VARIETY, INTRIGUE AND THE THRILL OF BEING ON THE CUTTING EDGE ARE JUST SOME OF THE BENEFITS OF A CAREER IN STEM, SAY FOUR WOMEN WORKING AT SCIENCE AND TECHNOLOGY COMPANY JOHNSON MATTHEY
This year marks 100 years since British multinational company Johnson Matthey recruited its first R & D scientist, and today it is still just as committed to supporting the next generation of budding scientists. A leader in its field for more than 200 years, Johnson Matthey uses science to solve complex problems for its customers, and applies unrivalled scientific expertise to enable cleaner air, improved health and the more efficient use of the Earth’s natural resources.
A key part of supporting scientists is addressing the long-term lack of women in STEM. Jen Bhantoo, who worked in product development at Johnson Matthey for six years before becoming a technical sales executive for the company, says: “The preconception that STEM is very male-dominated is changing but we still need to dispel that myth, especially at school level. We should be encouraging girls to take up STEM subjects, and that should then translate into industry.” Johnson Matthey invites schools to visit the company, where students can speak to staff about their jobs and experiences, and is keen to get more women into careers in science. “Johnson Matthey is very supportive of women in STEM and has a really good representation of them,” says Amy Kolpin, a senior scientist at the company. “My experience here has always been very positive.”

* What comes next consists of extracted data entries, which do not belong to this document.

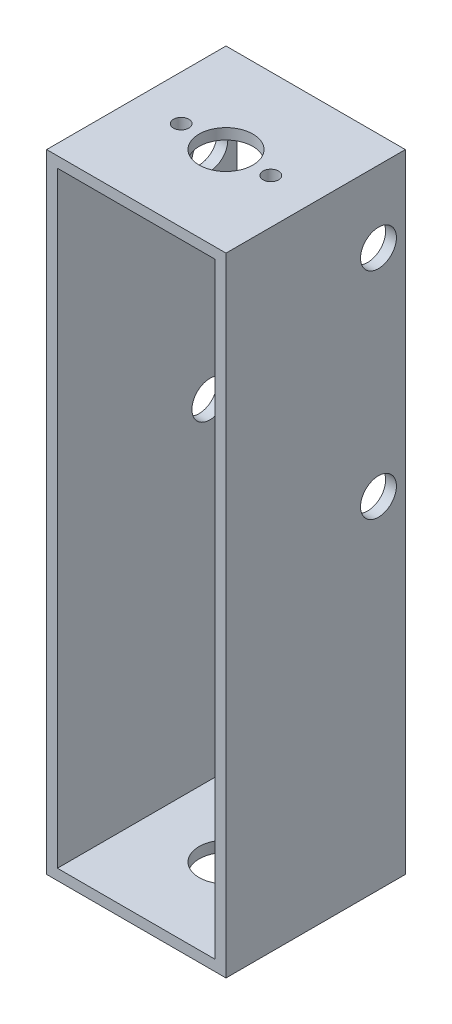
SolidWorks part; units mm, degrees
ref_plane "Front Plane" through (0, 0, 0) normal (0, 0, 1) x (1, 0, 0)
ref_plane "Top Plane" through (0, 0, 0) normal (0, 1, 0) x (1, 0, 0)
ref_plane "Right Plane" through (0, 0, 0) normal (1, 0, 0) x (0, 0, -1)
sketch "Sketch1" plane through (0, 0, 0) normal (0, 1, 0) x (1, 0, 0)
  line L1 (25, -25) -> (-25, -25)
  line L2 (25, -25) -> (25, 25)
  line L3 (25, 25) -> (-25, 25)
  line L4 (-25, -25) -> (-25, 25)
  line L5 (25, -25) -> (-25, 25) construction
  line L6 (25, 25) -> (-25, -25) construction
  point P0 (0, 0)
  dimension "D1" = 50
extrude "Boss-Extrude1" add sketch "Sketch1" against normal blind 175
shell "Shell1" thickness 3 removed face at (0, -87.5, -25) removed face at (0, -87.5, 25)
sketch "Sketch2" plane through (0, 0, 0) normal (0, 1, 0) x (1, 0, 0)
  circle A0 centre (0, 0) radius 7.5
  circle A2 centre (-12.5, 0) radius 2.15
  arc A3 (-14.15, 0) -> (-10.85, 0) centre (-12.5, 0) ccw construction
  circle A4 centre (12.5, 0) radius 2.15
  dimension "D1" = 15
  dimension "D2" = 0.5
extrude "Cut-Extrude1" cut sketch "Sketch2" against normal up to next
extrude "Cut-Extrude2" cut sketch "Sketch2<2>" against normal through all contours A0
sketch "Sketch2<2>" plane through (0, 0, 0) normal (0, 1, 0) x (1, 0, 0) same geometry as "Sketch2"
sketch "Sketch3" plane through (25, 0, 0) normal (1, 0, 0) x (0, 0, -1)
  line L0 (17.5, 0) -> (17.5, -175) construction
  line L2 (-25, 0) -> (25, 0) construction
  line L3 (-25, -175) -> (25, -175) construction
  line L4 (7.5, 0) -> (-7.5, 0) construction
  line L5 (-7.5, 0) -> (7.5, 0) construction
  line L6 (-7.5, 0) -> (-7.5, -175) construction
  line L7 (-7.5, -175) -> (7.5, -175) construction
  line L8 (7.5, 0) -> (7.5, -175) construction
  circle A0 centre (17.5, -20) radius 5
  circle A1 centre (17.5, -80) radius 5
  dimension "D1" = 5
  dimension "D4" = 10
  dimension "D2" = 20
  dimension "D3" = 80
extrude "Cut-Extrude3" cut sketch "Sketch3" against normal through all
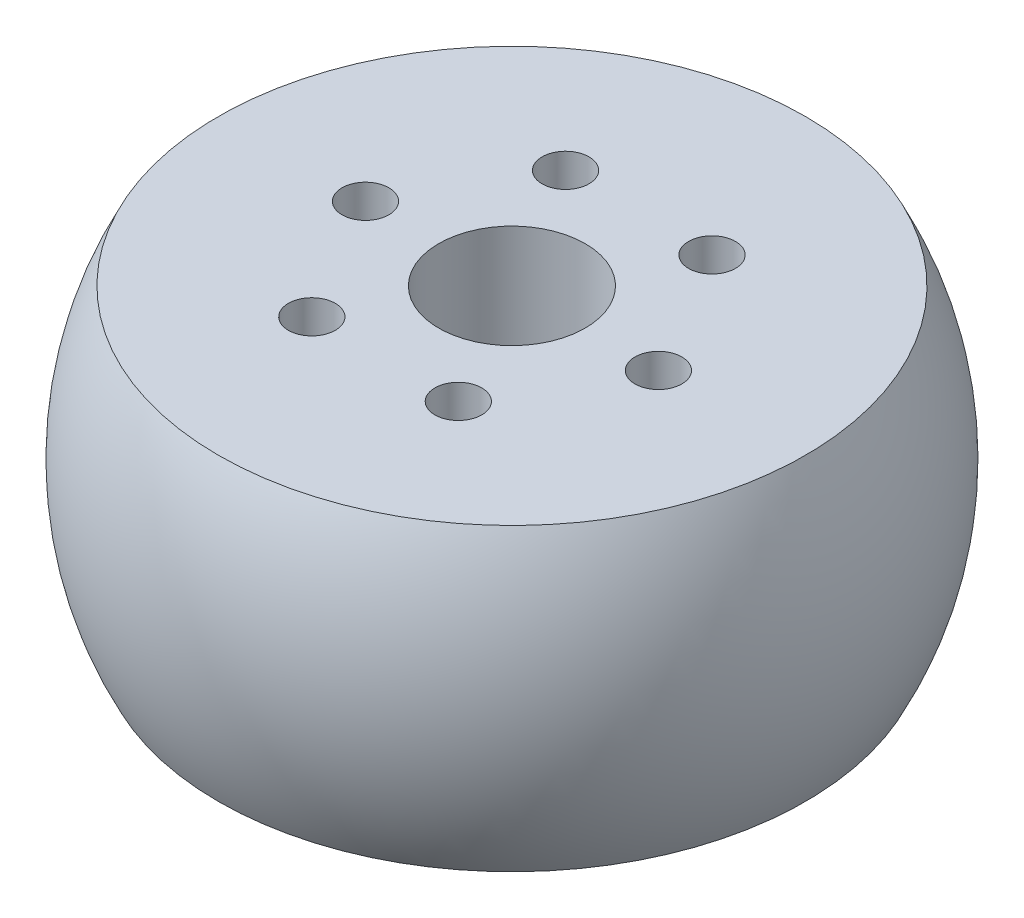
SolidWorks part; units mm, degrees
ref_plane "Front Plane" through (0, 0, 0) normal (0, 0, 1) x (1, 0, 0)
ref_plane "Top Plane" through (0, 0, 0) normal (0, 1, 0) x (1, 0, 0)
ref_plane "Right Plane" through (0, 0, 0) normal (1, 0, 0) x (0, 0, -1)
sketch "Sketch1" plane through (0, 0, 0) normal (1, 0, 0) x (0, 0, -1)
  line L0 (0, -6.5) -> (0, 6.5) construction
  line L1 (3.175, 6.5) -> (12.7233, 6.5)
  line L2 (3.175, 6.5) -> (3.175, -6.5)
  line L3 (3.175, -6.5) -> (12.7233, -6.5)
  line L4 (14.2875, 0) -> (0, 0) construction
  circle A0 centre (0, 0) radius 14.2875 construction
  arc A1 (12.7233, 6.5) -> (12.7233, -6.5) centre (0, 0) cw
  point P4 (0, 0)
  dimension "D1" = 6.35
  dimension "D2" = 13
  dimension "D3" = 14.2875
revolve "Revolve1" add sketch "Sketch1" angle 360 about L0
sketch "Sketch3" plane through (0, 0, 0) normal (0, 1, 0) x (1, 0, 0)
  line L0 (0, 0) -> (6.35, 0) construction
  circle A0 centre (6.35, 0) radius 1.016
  dimension "D1" = 2.032
  dimension "D2" = 6.35
extrude "Cut-Extrude1" cut sketch "Sketch3" against normal through all both and the other way through all
pattern_circular "CirPattern1" count 6 over 360 about axis through (0, -6.5, 0) along (0, -1, 0) of "Cut-Extrude1" reverse direction yes
sketch "Sketch4" plane through (0, 0, 0) normal (0, 1, 0) x (1, 0, 0)
  point P0 (0, 0)

Communicating the unique advantages of a career in STEM plays an important role in making girls feel confident and enthusiastic about pursuing science. All four scientists stressed that it’s far from just white coats and laboratories. “I like that my role isn’t constant – it’s always evolving and leading to exciting new areas of science,” says Tugce Erdan, a principal scientist working in advanced characterisation. “Johnson Matthey is very open to new ideas and always encourages people to follow and catch up with the science scenes around the world.”
Sheena Hindocha, who works for Johnson Matthey’s new product introduction group, believes that working in STEM offers things you can’t get in other jobs. “The skills you learn throughout your life as a scientist or an engineer and the way you look at the world are slightly different to the norm, and that opens up so many opportunities to you,” she says. “The only way we’re going to solve some of the challenges the world is facing at the moment, like global warming, is through technology we haven’t yet discovered or created. It’s a really exciting time to be starting a scientific career.”
“WE SHOULD BE ENCOURAGING GIRLS TO TAKE UP STEM SUBJECTS, AND THAT SHOULD THEN TRANSLATE INTO INDUSTRY.”